[[ Material supplied open ]]

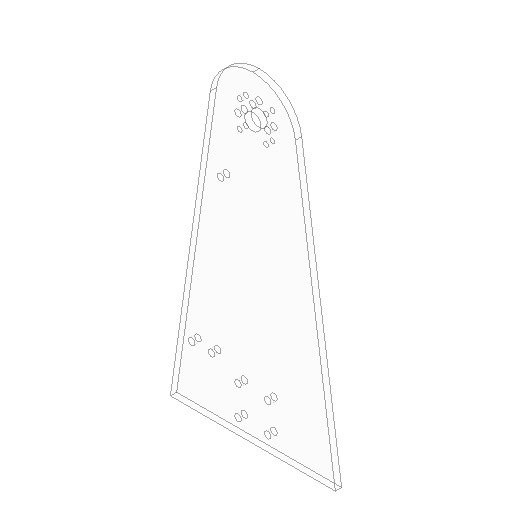
# Autodesk Inventor part: Columna
Saved by Autodesk Inventor 2025.3 (Build 293356000, 356)
## iProperties
Created: 2025-11-11
Part Number: Columna
Material: PMMA Plastic
Document SubType Name: Modeling
Designer: Gabriel Bojaca
Density: 1.188 g/cm^3
Appearance: Polycarbonate - Clear
Author: Gabriel Bojaca
Autodesk Inventor part; units mm, degrees
ref_plane "YZ Plane" through (0, 0, 0) normal (1, 0, 0) x (0, 1, 0)
ref_plane "XZ Plane" through (0, 0, 0) normal (0, 1, 0) x (-1, 0, 0)
ref_plane "XY Plane" through (0, 0, 0) normal (0, 0, 1) x (1, 0, 0)
sketch "Sketch3" plane through (0, 0, 0) normal (0, 0, 1) x (1, 0, 0)
  line L0 (0, 0) -> (100, 0)
  line L1 (100, 0) -> (100, 195) construction
  line L2 (100, 195) -> (0, 195) construction
  line L3 (0, 195) -> (0, 0) construction
  line L4 (50, 0) -> (50, 169) construction
  circle A0 centre (50, 169) radius 4.95
  line L5 (42, 161) -> (58, 161) construction
  line L6 (58, 161) -> (58, 177) construction
  line L7 (58, 177) -> (42, 177) construction
  line L8 (42, 177) -> (42, 161) construction
  line L9 (42, 161) -> (58, 177) construction
  line L10 (58, 161) -> (42, 177) construction
  circle A1 centre (42, 177) radius 1.5
  circle A2 centre (58, 177) radius 1.5
  circle A3 centre (42, 161) radius 1.5
  circle A4 centre (58, 161) radius 1.5
  line L11 (0, 0) -> (24.1871, 172.1)
  line L12 (0, 0) -> (268.3215, 0) construction
  line L13 (100, 0) -> (75.8129, 172.1)
  line L14 (0, 172.1) -> (100, 172.1) construction
  arc A5 (50, 195) -> (24.1871, 172.1) centre (50.5367, 168.3968) ccw
  arc A6 (75.8129, 172.1) -> (50, 195) centre (49.4633, 168.3968) ccw
  line L15 (50, 169) -> (59, 169) construction
  line L16 (50, 169) -> (41, 169) construction
  circle A7 centre (59, 169) radius 2
  circle A8 centre (41, 169) radius 2
  line L17 (41, 9) -> (59, 9) construction
  line L18 (59, 9) -> (59, 27) construction
  line L19 (59, 27) -> (41, 27) construction
  line L20 (41, 27) -> (41, 9) construction
  line L21 (41, 9) -> (59, 27) construction
  line L22 (59, 9) -> (41, 27) construction
  circle A9 centre (41, 27) radius 2
  circle A10 centre (41, 9) radius 2
  circle A11 centre (59, 27) radius 2
  circle A12 centre (59, 9) radius 2
  line L23 (50, 169) -> (50, 178) construction
  circle A13 centre (50, 178) radius 2
  point P0 (37.3431, 265.7102)
  point P1 (62.6569, 265.7102)
  point P2 (50, 18)
  dimension "d3" = 100
  dimension "d4" = 195
  dimension "d5" = 169
  dimension "d6" = 9.9
  dimension "d7" = 16
  dimension "d8" = 16
  dimension "d9" = 3
  dimension "d10" = 3
  dimension "d11" = 3
  dimension "d12" = 3
  dimension "d13" = 82
  dimension "d14" = 22.9
  dimension "d15" = 9
  dimension "d16" = 4
  dimension "d17" = 18
  dimension "d18" = 18
  dimension "d19" = 9
  dimension "d20" = 4
  dimension "d21" = 4
  dimension "d24" = 9
  dimension "d25" = 4
  constraints: 48 end point, 14 centre point, 9 coincident, 6 horizontal, 6 midpoint, 6 parallel, 6 point on line, 6 symmetric about line, 4 point on circle, 3 perpendicular, 1 tangent, 1 vertical, 4 other
  measures "d3" distance of L2.end L1.end
  measures "d4" distance of L1.end L0.end
  measures "d5" distance of L4.start L4.end
  measures "d6" diameter of A0
  measures "d7" distance of L7.end L6.end
  measures "d8" distance of L6.end L5.end
  measures "d9" diameter of A1
  measures "d10" diameter of A2
  measures "d11" diameter of A3
  measures "d12" diameter of A4
  measures "d13" angle of L12 L11
  measures "d14" distance between parallel lines of L14 L2
  measures "d15" distance of L15.start L15.end
  measures "d16" diameter of A7
  measures "d17" distance of L19.end L18.end
  measures "d18" distance of L18.end L17.end
  measures "d19" distance from line of L12 L17.start
  measures "d20" diameter of A9
  measures "d21" diameter of A10
  measures "d24" distance of L15.start L23.end
  measures "d25" diameter of A13
extrude "Extrusion2" add sketch "Sketch3" along normal blind 3.8
sketch "Sketch5" plane through (0, 0, 3.8) normal (0, 0, 1) x (1, 0, 0)
  circle A0 centre (-58.4959, 27.4361) radius 16.3248
  point P0 (0, 0)
  constraints: 1 centre point
sketch "Sketch6" plane through (0, 0, 3.8) normal (0, 0, 1) x (1, 0, 0)
  line L0 (177.5374, 0) -> (-44.6048, 0) construction
  line L1 (173.8282, 35) -> (-48.3141, 35) construction
  circle A0 centre (12.9189, 35) radius 2
  circle A1 centre (24.9189, 35) radius 2
  line L2 (24.1871, 172.1) -> (0, 0) projected
  point P0 (4.9189, 35)
  dimension "d33" = 35
  dimension "d34" = 4
  dimension "d35" = 4
  dimension "d36" = 12
  dimension "d37" = 8
  constraints: 4 end point, 4 point on line, 2 centre point, 1 horizontal, 1 parallel
  measures "d33" distance between parallel lines of L0 L1
  measures "d34" diameter of A0
  measures "d35" diameter of A1
  measures "d36" distance of A1.centre A0.centre
  measures "d37" distance of A0.centre point (4.919, 35)
extrude "Extrusion3" cut sketch "Sketch6" against normal blind 10
sketch "Sketch7" plane through (0, 0, 3.8) normal (0, 0, 1) x (1, 0, 0)
  line L0 (0, 0) -> (115.508, 0) construction
  line L1 (0, 130) -> (115.508, 130)
  line L2 (24.1871, 172.1) -> (0, 0) projected
  circle A0 centre (30.2703, 130) radius 2
  point P0 (18.2703, 130)
  dimension "d40" = 130
  dimension "d41" = 4
  dimension "d42" = 12
  constraints: 4 end point, 3 point on line, 1 centre point, 1 horizontal, 1 parallel
  measures "d40" distance between parallel lines of L0 L1
  measures "d41" diameter of A0
  measures "d42" distance of A0.centre point (18.27, 130)
extrude "Extrusion4" cut sketch "Sketch7" against normal blind 10
equation "\"d25\" = d16"
body "Solid2"

[[ Material supplied closed ]]

Go through the listing above and write out exactly the lines starting with the one holding "constraints: 48 end" and running through the one holding "of L7.end L6.end", ends included, and no others.

  constraints: 48 end point, 14 centre point, 9 coincident, 6 horizontal, 6 midpoint, 6 parallel, 6 point on line, 6 symmetric about line, 4 point on circle, 3 perpendicular, 1 tangent, 1 vertical, 4 other
  measures "d3" distance of L2.end L1.end
  measures "d4" distance of L1.end L0.end
  measures "d5" distance of L4.start L4.end
  measures "d6" diameter of A0
  measures "d7" distance of L7.end L6.end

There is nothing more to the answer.